Work required:
In the lines below, output everything from the first line through the line containing "- net AGND: now also S2.1" exactly as it is. Pictures are not part of the output.

+===+

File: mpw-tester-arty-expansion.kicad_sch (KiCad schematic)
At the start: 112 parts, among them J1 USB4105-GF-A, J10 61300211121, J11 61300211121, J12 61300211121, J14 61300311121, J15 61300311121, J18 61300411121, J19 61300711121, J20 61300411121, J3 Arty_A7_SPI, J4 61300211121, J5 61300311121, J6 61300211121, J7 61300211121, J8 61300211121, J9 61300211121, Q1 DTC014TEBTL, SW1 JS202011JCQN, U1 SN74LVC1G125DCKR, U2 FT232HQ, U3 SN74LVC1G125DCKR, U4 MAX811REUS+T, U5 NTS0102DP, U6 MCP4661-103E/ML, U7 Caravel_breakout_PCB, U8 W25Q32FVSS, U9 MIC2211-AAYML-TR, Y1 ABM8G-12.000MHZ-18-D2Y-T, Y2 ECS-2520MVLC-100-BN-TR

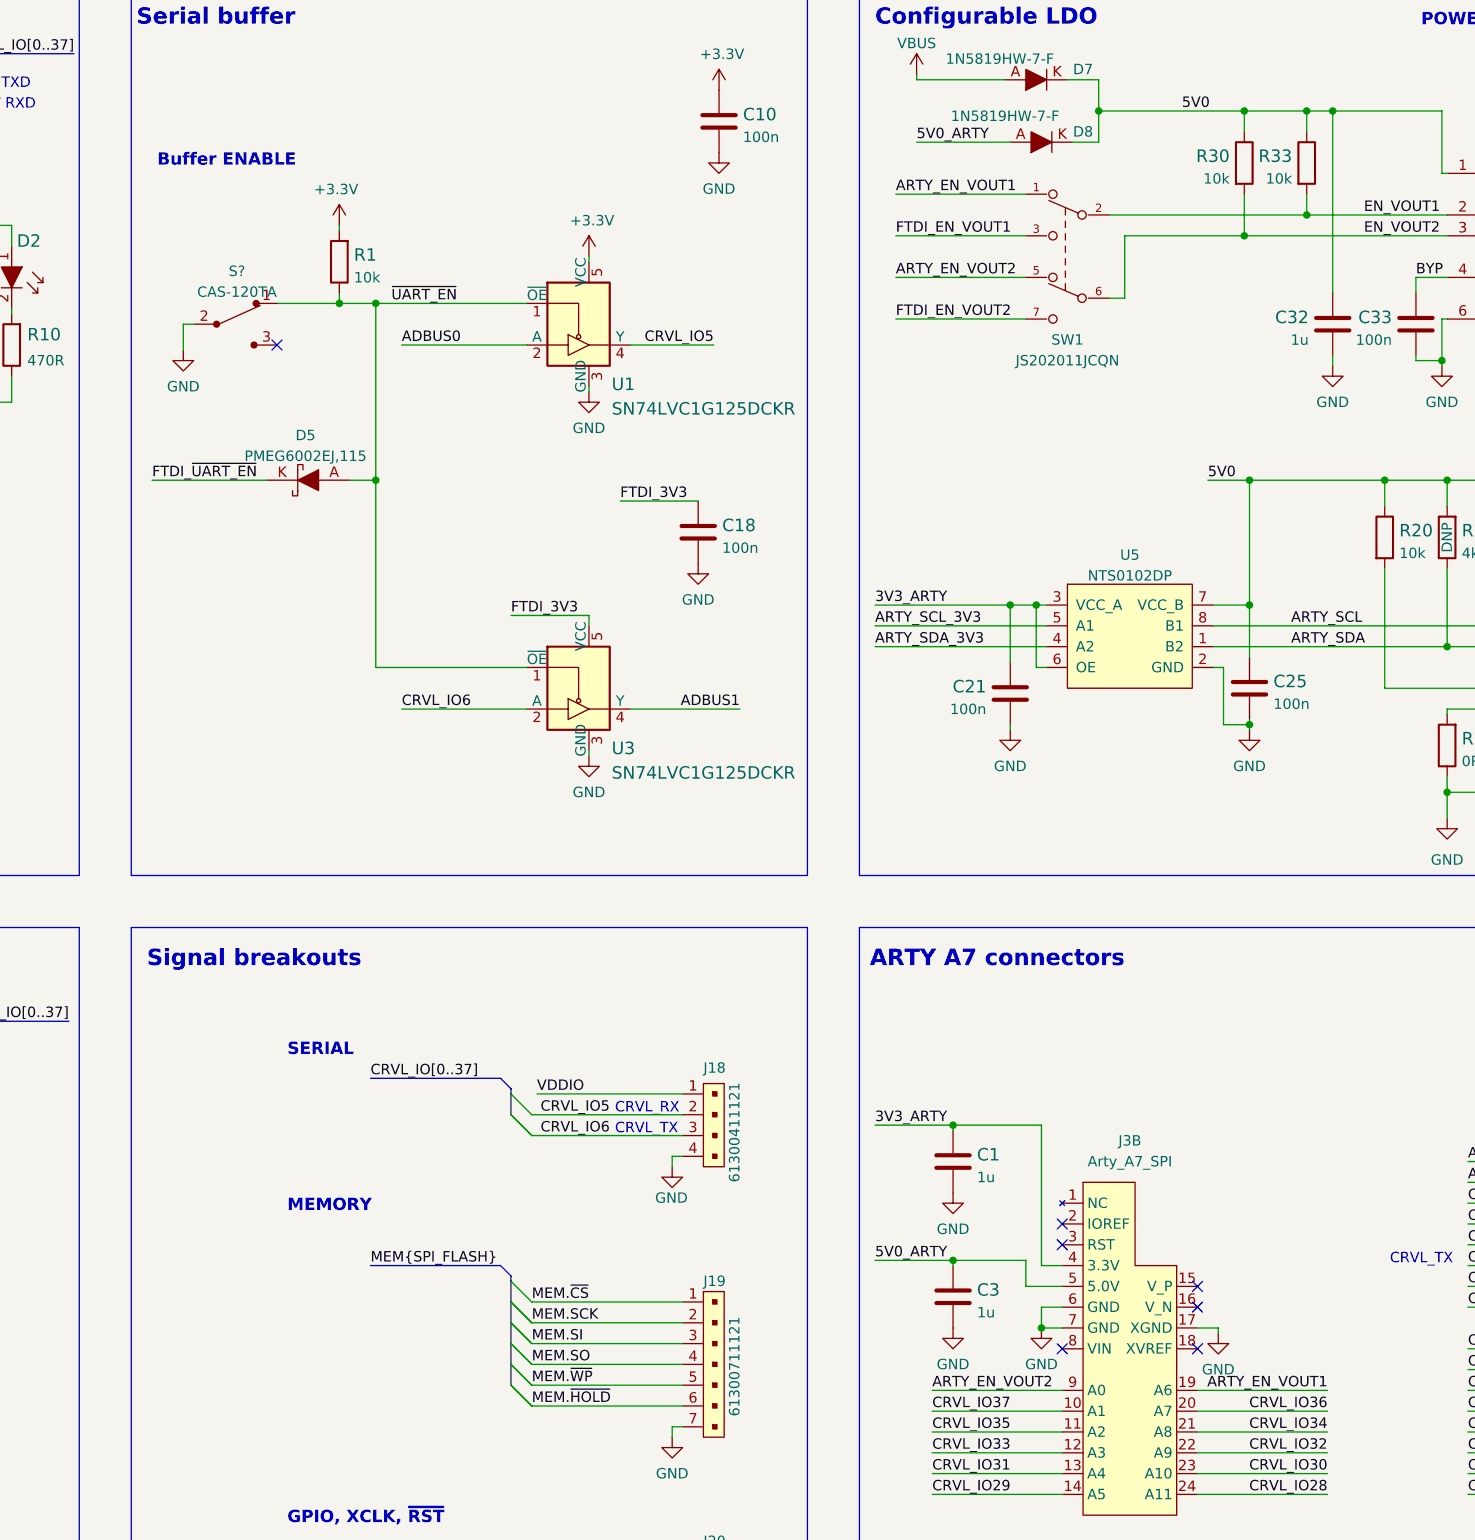
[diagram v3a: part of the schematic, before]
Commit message: Swap Arty_EN_VOUT 1 and 2. Continue layout
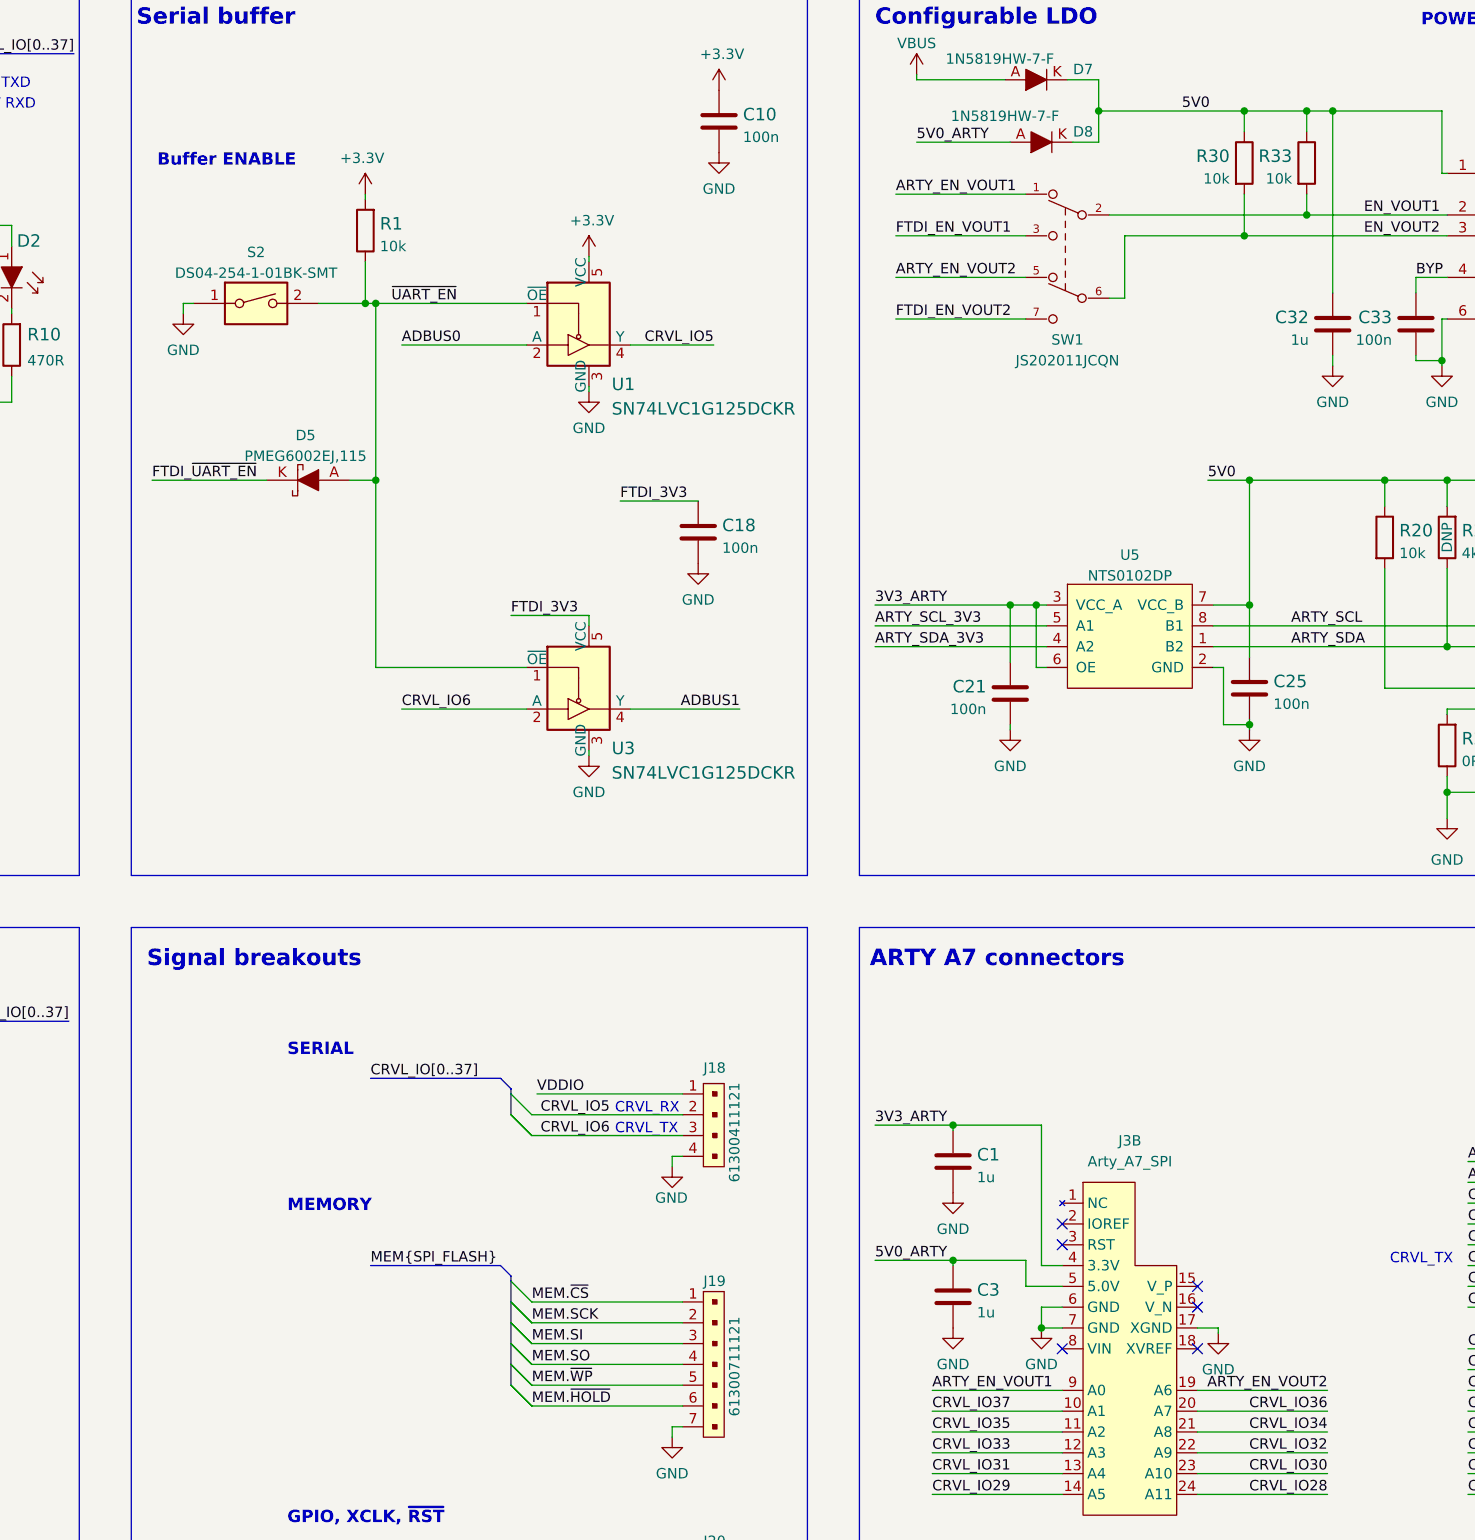
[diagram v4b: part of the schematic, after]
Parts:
- removed S?: CAS-120TA, antmicro-footprints:Switch_Slide_CAS-120TA, symbol antmicroSlideSwitches:CAS-120TA
- added S2: DS04-254-1-01BK-SMT, antmicro-footprints:SW_DS04-254-1-01BK-SMT, symbol antmicroSlideSwitches:DS04-254-1-01BK-SMT
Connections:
- net AGND: now also S2.1
- net ARTY_EN_VOUT1: now also J3.9 (A0); no longer J3.19 (A6)
- net ARTY_EN_VOUT2: now also J3.19 (A6); no longer J3.9 (A0)
- net ~{UART_EN}: now also S2.2
- no-connect marks 22 -> 21
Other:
- moved on the sheet: R1
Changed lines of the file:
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@@
   (junction (at 338.455 110.49) (diameter 0) (color 0 0 0 0)
   )
-  (junction (at 203.2 50.8) (diameter 0) (color 0 0 0 0)
-  )
   (junction (at 389.255 50.165) (diameter 0) (color 0 0 0 0)
   )
@@
   (junction (at 138.43 278.13) (diameter 0) (color 0 0 0 0)
   )
+  (junction (at 206.375 50.8) (diameter 0) (color 0 0 0 0)
+  )
   (junction (at 295.91 27.305) (diameter 0) (color 0 0 0 0)
   )
@@
   (no_connect (at 130.81 78.105))
   (no_connect (at 130.81 40.005))
-  (no_connect (at 195.58 55.88))
   (no_connect (at 291.465 165.735))
   (no_connect (at 130.81 75.565))
@@
     (stroke (width 0) (type default) (color 0 0 0 0))
   )
-  (wire (pts (xy 184.15 53.34) (xy 184.15 56.515))
+  (wire (pts (xy 184.15 50.8) (xy 184.15 52.07))
     (stroke (width 0) (type default) (color 0 0 0 0))
   )
@@
     (stroke (width 0) (type default) (color 0 0 0 0))
   )
-  (wire (pts (xy 203.2 41.275) (xy 203.2 41.91))
+  (wire (pts (xy 206.375 37.465) (xy 206.375 38.1))
     (stroke (width 0) (type default) (color 0 0 0 0))
   )
@@
     (stroke (width 0) (type default) (color 0 0 0 0))
   )
+  (wire (pts (xy 206.375 50.8) (xy 207.645 50.8))
+    (stroke (width 0) (type default) (color 0 0 0 0))
+  )
   (wire (pts (xy 134.62 208.915) (xy 150.495 208.915))
     (stroke (width 0) (type default) (color 0 0 0 0))
@@
     (stroke (width 0) (type default) (color 0 0 0 0))
   )
-  (wire (pts (xy 184.15 53.34) (xy 185.42 53.34))
-    (stroke (width 0) (type default) (color 0 0 0 0))
-  )
   (wire (pts (xy 130.81 32.385) (xy 151.13 32.385))
     (stroke (width 0) (type default) (color 0 0 0 0))
@@
     (stroke (width 0) (type default) (color 0 0 0 0))
   )
-  (wire (pts (xy 195.58 50.8) (xy 203.2 50.8))
-    (stroke (width 0) (type default) (color 0 0 0 0))
-  )
   (wire (pts (xy 219.71 254.635) (xy 219.71 255.27))
     (stroke (width 0) (type default) (color 0 0 0 0))
@@
     (stroke (width 0) (type default) (color 0 0 0 0))
   )
+  (wire (pts (xy 200.66 50.8) (xy 206.375 50.8))
+    (stroke (width 0) (type default) (color 0 0 0 0))
+  )
   (wire (pts (xy 135.255 278.13) (xy 138.43 278.13))
     (stroke (width 0) (type default) (color 0 0 0 0))
@@
     (stroke (width 0) (type default) (color 0 0 0 0))
   )
+  (wire (pts (xy 184.15 50.8) (xy 185.42 50.8))
+    (stroke (width 0) (type default) (color 0 0 0 0))
+  )
   (wire (pts (xy 34.925 259.715) (xy 34.925 260.985))
     (stroke (width 0) (type default) (color 0 0 0 0))
@@
     (stroke (width 0) (type default) (color 0 0 0 0))
   )
-  (wire (pts (xy 203.2 49.53) (xy 203.2 50.8))
+  (wire (pts (xy 206.375 45.72) (xy 206.375 50.8))
     (stroke (width 0) (type default) (color 0 0 0 0))
   )
@@
     (stroke (width 0) (type default) (color 0 0 0 0))
   )
-  (wire (pts (xy 203.2 50.8) (xy 207.645 50.8))
-    (stroke (width 0) (type default) (color 0 0 0 0))
-  )
   (wire (pts (xy 372.745 59.055) (xy 380.365 59.055))
     (stroke (width 0) (type default) (color 0 0 0 0))
@@
     (effects (font (size 1.27 1.27)) (justify right bottom))
   )
-  (label "ARTY_EN_VOUT1" (at 323.85 183.515 180)
-    (effects (font (size 1.27 1.27)) (justify right bottom))
+  (label "ARTY_EN_VOUT1" (at 275.59 183.515 0)
+    (effects (font (size 1.27 1.27)) (justify left bottom))
   )
   (label "CRVL_IO28" (at 138.43 213.995 0)
@@
     (effects (font (size 1.27 1.27)) (justify left bottom))
   )
-  (label "ARTY_EN_VOUT2" (at 275.59 183.515 0)
-    (effects (font (size 1.27 1.27)) (justify left bottom))
+  (label "ARTY_EN_VOUT2" (at 323.85 183.515 180)
+    (effects (font (size 1.27 1.27)) (justify right bottom))
   )
   (label "FTDI_3V3" (at 224.155 88.9 0)
@@
     (pin "8")
   )
-  (symbol (lib_id "antmicroSlideSwitches:CAS-120TA") (at 190.5 53.34 0) (unit 1)
-    (in_bom yes) (on_board yes) (fields_autoplaced)
-    (property "Reference" "S?" (id 0) (at 190.7032 46.8716 0))
-    (property "Value" "CAS-120TA" (id 1) (at 190.7032 49.4085 0))
-    (property "Footprint" "antmicro-footprints:Switch_Slide_CAS-120TA" (id 2) (at 195.58 48.26 0)
-      (effects (font (size 1.27 1.27)) (justify left) hide)
-    )
-    (property "Datasheet" "" (id 3) (at 195.58 45.72 0)
-      (effects (font (size 1.524 1.524)) (justify left) hide)
-    )
-    (property "MPN" "CAS-120TA" (id 4) (at 195.58 40.64 0)
-      (effects (font (size 1.524 1.524)) (justify left) hide)
-    )
-    (property "Manufacturer" "Nidec" (id 5) (at 195.58 37.592 0)
-      (effects (font (size 1.524 1.524)) (justify left) hide)
-    )
-    (pin "1")
-    (pin "2")
-    (pin "3")
-  )
   (symbol (lib_id "power:GND") (at 32.385 111.125 0) (unit 1)
     (in_bom yes) (on_board yes) (fields_autoplaced)
@@
     (pin "1")
   )
-  (symbol (lib_id "power:+3.3V") (at 203.2 41.275 0) (mirror y) (unit 1)
+  (symbol (lib_id "power:+3.3V") (at 206.375 37.465 0) (mirror y) (unit 1)
     (in_bom yes) (on_board yes)
-    (property "Reference" "#PWR0156" (id 0) (at 203.2 45.085 0)
+    (property "Reference" "#PWR0156" (id 0) (at 206.375 41.275 0)
       (effects (font (size 1.27 1.27)) hide)
     )
-    (property "Value" "+3.3V" (id 1) (at 202.819 36.8808 0))
-    (property "Footprint" "" (id 2) (at 203.2 41.275 0)
+    (property "Value" "+3.3V" (id 1) (at 205.994 33.0708 0))
+    (property "Footprint" "" (id 2) (at 206.375 37.465 0)
       (effects (font (size 1.27 1.27)) hide)
     )
-    (property "Datasheet" "" (id 3) (at 203.2 41.275 0)
+    (property "Datasheet" "" (id 3) (at 206.375 37.465 0)
       (effects (font (size 1.27 1.27)) hide)
     )
@@
     (pin "2")
   )
-  (symbol (lib_id "power:GND") (at 184.15 56.515 0) (mirror y) (unit 1)
+  (symbol (lib_id "power:GND") (at 184.15 52.07 0) (mirror y) (unit 1)
     (in_bom yes) (on_board yes) (fields_autoplaced)
-    (property "Reference" "#PWR0152" (id 0) (at 184.15 62.865 0)
+    (property "Reference" "#PWR0152" (id 0) (at 184.15 58.42 0)
       (effects (font (size 1.27 1.27)) hide)
     )
-    (property "Value" "GND" (id 1) (at 184.15 60.96 0))
-    (property "Footprint" "" (id 2) (at 184.15 56.515 0)
+    (property "Value" "GND" (id 1) (at 184.15 56.515 0))
+    (property "Footprint" "" (id 2) (at 184.15 52.07 0)
       (effects (font (size 1.27 1.27)) hide)
     )
-    (property "Datasheet" "" (id 3) (at 184.15 56.515 0)
+    (property "Datasheet" "" (id 3) (at 184.15 52.07 0)
       (effects (font (size 1.27 1.27)) hide)
     )
@@
     (pin "1")
   )
-  (symbol (lib_id "antmicroResistors0603:R_10k_0603") (at 203.2 45.72 90) (unit 1)
+  (symbol (lib_id "antmicroResistors0603:R_10k_0603") (at 206.375 41.91 90) (unit 1)
     (in_bom yes) (on_board yes) (fields_autoplaced)
-    (property "Reference" "R1" (id 0) (at 204.978 44.8854 90)
+    (property "Reference" "R1" (id 0) (at 208.153 41.0754 90)
       (effects (font (size 1.524 1.524)) (justify right))
     )
-    (property "Value" "R_10k_0603" (id 1) (at 207.01 45.72 0)
+    (property "Value" "R_10k_0603" (id 1) (at 210.185 41.91 0)
       (effects (font (size 1.524 1.524)) hide)
     )
-    (property "Footprint" "antmicro-footprints:0603-res" (id 2) (at 198.12 40.64 0)
+    (property "Footprint" "antmicro-footprints:0603-res" (id 2) (at 201.295 36.83 0)
       (effects (font (size 1.524 1.524)) (justify left) hide)
     )
-    (property "Datasheet" "" (id 3) (at 203.2 45.72 0)
+    (property "Datasheet" "" (id 3) (at 206.375 41.91 0)
       (effects (font (size 1.27 1.27)) hide)
     )
-    (property "Manufacturer" "BOURNS" (id 4) (at 193.04 40.64 0)
+    (property "Manufacturer" "BOURNS" (id 4) (at 196.215 36.83 0)
       (effects (font (size 1.524 1.524)) (justify left) hide)
     )
-    (property "MPN" "CR0603-JW-103ELF" (id 5) (at 195.58 40.64 0)
+    (property "MPN" "CR0603-JW-103ELF" (id 5) (at 198.755 36.83 0)
       (effects (font (size 1.524 1.524)) (justify left) hide)
     )
-    (property "Val" "10k" (id 6) (at 204.978 47.6505 90)
+    (property "Val" "10k" (id 6) (at 208.153 43.8405 90)
       (effects (font (size 1.27 1.27)) (justify right))
     )
@@
     (pin "1")
   )
+  (symbol (lib_id "antmicroSlideSwitches:DS04-254-1-01BK-SMT") (at 193.04 50.8 0) (unit 1)
+    (in_bom yes) (on_board yes) (fields_autoplaced)
+    (property "Reference" "S2" (id 0) (at 193.04 44.5602 0))
+    (property "Value" "DS04-254-1-01BK-SMT" (id 1) (at 193.04 47.0971 0))
+    (property "Footprint" "antmicro-footprints:SW_DS04-254-1-01BK-SMT" (id 2) (at 207.01 64.77 0)
+      (effects (font (size 1.27 1.27)) hide)
+    )
+    (property "Datasheet" "https://www.mouser.pl/datasheet/2/670/ds04_254_smt-1777718.pdf" (id 3) (at 217.17 62.23 0)
+      (effects (font (size 1.27 1.27)) hide)
+    )
+    (property "MPN" "DS04-254-1-01BK-SMT" (id 4) (at 194.31 59.69 0)
+      (effects (font (size 1.27 1.27)) hide)
+    )
+    (property "Manufacturer" "CUI Devices" (id 5) (at 186.69 57.15 0)
+      (effects (font (size 1.27 1.27)) hide)
+    )
+    (pin "1")
+    (pin "2")
+  )
   (symbol (lib_id "antmicroCapacitors0603:C_1u_0603") (at 278.13 172.085 0) (unit 1)
     (in_bom yes) (on_board yes) (fields_autoplaced)
@@
       (reference "S1") (unit 1) (value "KMR2") (footprint "antmicro-footprints:SW_SPST_4.2x2.8")
     )
-    (path "/0181eb65-882c-4f95-925a-a06f749f720f"
-      (reference "S?") (unit 1) (value "CAS-120TA") (footprint "antmicro-footprints:Switch_Slide_CAS-120TA")
+    (path "/a836baa3-8ac2-4847-af0a-a111152cf334"
+      (reference "S2") (unit 1) (value "DS04-254-1-01BK-SMT") (footprint "antmicro-footprints:SW_DS04-254-1-01BK-SMT")
     )
     (path "/217fd962-074c-4916-811c-40f9b3ccfd63"

+===+

Answer to this problem:
File: mpw-tester-arty-expansion.kicad_sch (KiCad schematic)
At the start: 112 parts, among them J1 USB4105-GF-A, J10 61300211121, J11 61300211121, J12 61300211121, J14 61300311121, J15 61300311121, J18 61300411121, J19 61300711121, J20 61300411121, J3 Arty_A7_SPI, J4 61300211121, J5 61300311121, J6 61300211121, J7 61300211121, J8 61300211121, J9 61300211121, Q1 DTC014TEBTL, SW1 JS202011JCQN, U1 SN74LVC1G125DCKR, U2 FT232HQ, U3 SN74LVC1G125DCKR, U4 MAX811REUS+T, U5 NTS0102DP, U6 MCP4661-103E/ML, U7 Caravel_breakout_PCB, U8 W25Q32FVSS, U9 MIC2211-AAYML-TR, Y1 ABM8G-12.000MHZ-18-D2Y-T, Y2 ECS-2520MVLC-100-BN-TR

[diagram v3a: part of the schematic, before]
Commit message: Swap Arty_EN_VOUT 1 and 2. Continue layout
[diagram v4b: part of the schematic, after]
Parts:
- removed S?: CAS-120TA, antmicro-footprints:Switch_Slide_CAS-120TA, symbol antmicroSlideSwitches:CAS-120TA
- added S2: DS04-254-1-01BK-SMT, antmicro-footprints:SW_DS04-254-1-01BK-SMT, symbol antmicroSlideSwitches:DS04-254-1-01BK-SMT
Connections:
- net AGND: now also S2.1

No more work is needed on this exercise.